# Prompt
Gather, from the data below, each line in which the word "OBJECT" occurs.

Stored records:
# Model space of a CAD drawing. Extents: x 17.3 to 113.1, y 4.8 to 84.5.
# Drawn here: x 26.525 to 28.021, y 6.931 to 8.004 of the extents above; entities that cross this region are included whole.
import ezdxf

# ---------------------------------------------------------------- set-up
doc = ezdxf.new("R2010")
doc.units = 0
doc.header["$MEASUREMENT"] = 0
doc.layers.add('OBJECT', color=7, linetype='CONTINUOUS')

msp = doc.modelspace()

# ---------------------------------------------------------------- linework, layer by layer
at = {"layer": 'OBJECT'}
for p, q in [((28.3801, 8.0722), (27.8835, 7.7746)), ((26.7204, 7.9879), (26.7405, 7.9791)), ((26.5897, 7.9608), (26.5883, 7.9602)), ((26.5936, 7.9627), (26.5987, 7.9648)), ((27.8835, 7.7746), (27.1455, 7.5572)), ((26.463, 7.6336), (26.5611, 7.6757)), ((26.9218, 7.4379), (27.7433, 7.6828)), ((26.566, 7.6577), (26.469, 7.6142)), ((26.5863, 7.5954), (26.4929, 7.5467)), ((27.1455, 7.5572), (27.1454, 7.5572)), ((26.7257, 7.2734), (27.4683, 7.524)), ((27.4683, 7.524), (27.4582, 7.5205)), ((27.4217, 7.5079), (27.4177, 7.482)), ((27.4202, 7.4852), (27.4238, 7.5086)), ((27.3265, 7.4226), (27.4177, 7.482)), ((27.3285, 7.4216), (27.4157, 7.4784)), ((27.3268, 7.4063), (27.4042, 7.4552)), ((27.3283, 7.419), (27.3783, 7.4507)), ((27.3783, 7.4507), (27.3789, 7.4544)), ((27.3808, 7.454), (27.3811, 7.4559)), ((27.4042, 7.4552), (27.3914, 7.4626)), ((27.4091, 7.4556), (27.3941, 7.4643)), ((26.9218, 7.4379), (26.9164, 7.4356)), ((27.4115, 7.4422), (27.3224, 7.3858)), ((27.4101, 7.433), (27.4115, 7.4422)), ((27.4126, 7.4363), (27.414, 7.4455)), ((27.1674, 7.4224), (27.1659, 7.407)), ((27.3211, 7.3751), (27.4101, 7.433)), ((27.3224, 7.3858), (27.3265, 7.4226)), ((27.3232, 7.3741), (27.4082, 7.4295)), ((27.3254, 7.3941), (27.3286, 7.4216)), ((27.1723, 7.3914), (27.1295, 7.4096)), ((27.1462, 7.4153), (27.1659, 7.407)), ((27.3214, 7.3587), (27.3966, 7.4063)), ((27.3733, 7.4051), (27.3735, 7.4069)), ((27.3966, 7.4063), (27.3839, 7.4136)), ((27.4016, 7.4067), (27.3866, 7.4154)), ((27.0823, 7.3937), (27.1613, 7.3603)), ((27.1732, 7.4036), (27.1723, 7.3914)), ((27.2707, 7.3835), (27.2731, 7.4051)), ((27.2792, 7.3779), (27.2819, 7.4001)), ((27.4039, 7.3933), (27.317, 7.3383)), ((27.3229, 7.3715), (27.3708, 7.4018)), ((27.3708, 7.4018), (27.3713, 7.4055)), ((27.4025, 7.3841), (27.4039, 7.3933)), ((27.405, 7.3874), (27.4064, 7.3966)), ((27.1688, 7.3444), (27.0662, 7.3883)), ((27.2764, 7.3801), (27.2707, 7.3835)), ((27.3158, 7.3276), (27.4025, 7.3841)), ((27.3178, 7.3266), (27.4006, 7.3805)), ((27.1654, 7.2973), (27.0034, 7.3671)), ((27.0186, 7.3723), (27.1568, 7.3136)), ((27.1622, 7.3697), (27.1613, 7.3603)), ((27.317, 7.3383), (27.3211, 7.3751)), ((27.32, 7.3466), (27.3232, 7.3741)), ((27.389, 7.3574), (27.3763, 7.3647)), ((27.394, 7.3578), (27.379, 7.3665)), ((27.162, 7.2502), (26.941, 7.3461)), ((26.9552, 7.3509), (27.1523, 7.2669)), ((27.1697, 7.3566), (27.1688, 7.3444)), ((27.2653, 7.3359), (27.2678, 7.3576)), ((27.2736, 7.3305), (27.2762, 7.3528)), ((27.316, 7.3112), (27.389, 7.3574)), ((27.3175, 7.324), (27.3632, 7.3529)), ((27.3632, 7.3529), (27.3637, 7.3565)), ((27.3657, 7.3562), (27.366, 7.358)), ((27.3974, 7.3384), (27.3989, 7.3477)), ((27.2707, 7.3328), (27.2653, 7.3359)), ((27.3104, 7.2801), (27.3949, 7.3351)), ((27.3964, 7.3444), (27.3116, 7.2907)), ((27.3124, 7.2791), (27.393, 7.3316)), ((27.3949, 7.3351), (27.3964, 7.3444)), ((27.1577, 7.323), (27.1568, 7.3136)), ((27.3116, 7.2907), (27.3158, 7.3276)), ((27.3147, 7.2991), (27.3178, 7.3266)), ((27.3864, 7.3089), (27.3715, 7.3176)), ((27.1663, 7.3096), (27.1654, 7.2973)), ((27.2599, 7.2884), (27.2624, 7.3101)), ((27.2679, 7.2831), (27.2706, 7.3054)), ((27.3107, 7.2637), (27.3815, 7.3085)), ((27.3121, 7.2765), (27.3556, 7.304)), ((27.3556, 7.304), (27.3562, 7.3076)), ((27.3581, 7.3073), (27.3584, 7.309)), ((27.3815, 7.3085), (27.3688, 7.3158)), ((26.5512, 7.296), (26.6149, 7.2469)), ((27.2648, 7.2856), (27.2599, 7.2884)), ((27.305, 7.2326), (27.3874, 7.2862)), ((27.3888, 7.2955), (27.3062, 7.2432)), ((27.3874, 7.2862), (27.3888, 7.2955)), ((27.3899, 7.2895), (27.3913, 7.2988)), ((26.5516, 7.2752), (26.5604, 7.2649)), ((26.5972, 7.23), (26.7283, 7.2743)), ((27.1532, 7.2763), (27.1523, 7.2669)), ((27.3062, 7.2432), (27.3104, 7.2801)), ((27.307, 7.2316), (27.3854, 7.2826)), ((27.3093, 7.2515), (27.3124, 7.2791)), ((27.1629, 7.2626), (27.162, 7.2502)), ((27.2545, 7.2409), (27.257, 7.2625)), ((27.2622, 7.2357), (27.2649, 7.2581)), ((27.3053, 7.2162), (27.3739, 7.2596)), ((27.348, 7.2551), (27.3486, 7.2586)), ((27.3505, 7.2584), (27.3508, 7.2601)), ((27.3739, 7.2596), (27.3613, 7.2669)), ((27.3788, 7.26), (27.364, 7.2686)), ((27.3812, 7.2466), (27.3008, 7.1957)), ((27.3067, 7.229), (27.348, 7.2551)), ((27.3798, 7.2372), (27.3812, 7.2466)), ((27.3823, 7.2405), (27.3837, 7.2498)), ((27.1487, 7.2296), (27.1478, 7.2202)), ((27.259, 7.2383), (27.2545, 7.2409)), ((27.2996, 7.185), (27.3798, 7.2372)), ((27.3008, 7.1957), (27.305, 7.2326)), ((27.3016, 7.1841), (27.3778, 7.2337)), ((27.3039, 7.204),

# The completed task
doc.layers.add('OBJECT', color=7, linetype='CONTINUOUS')
at = {"layer": 'OBJECT'}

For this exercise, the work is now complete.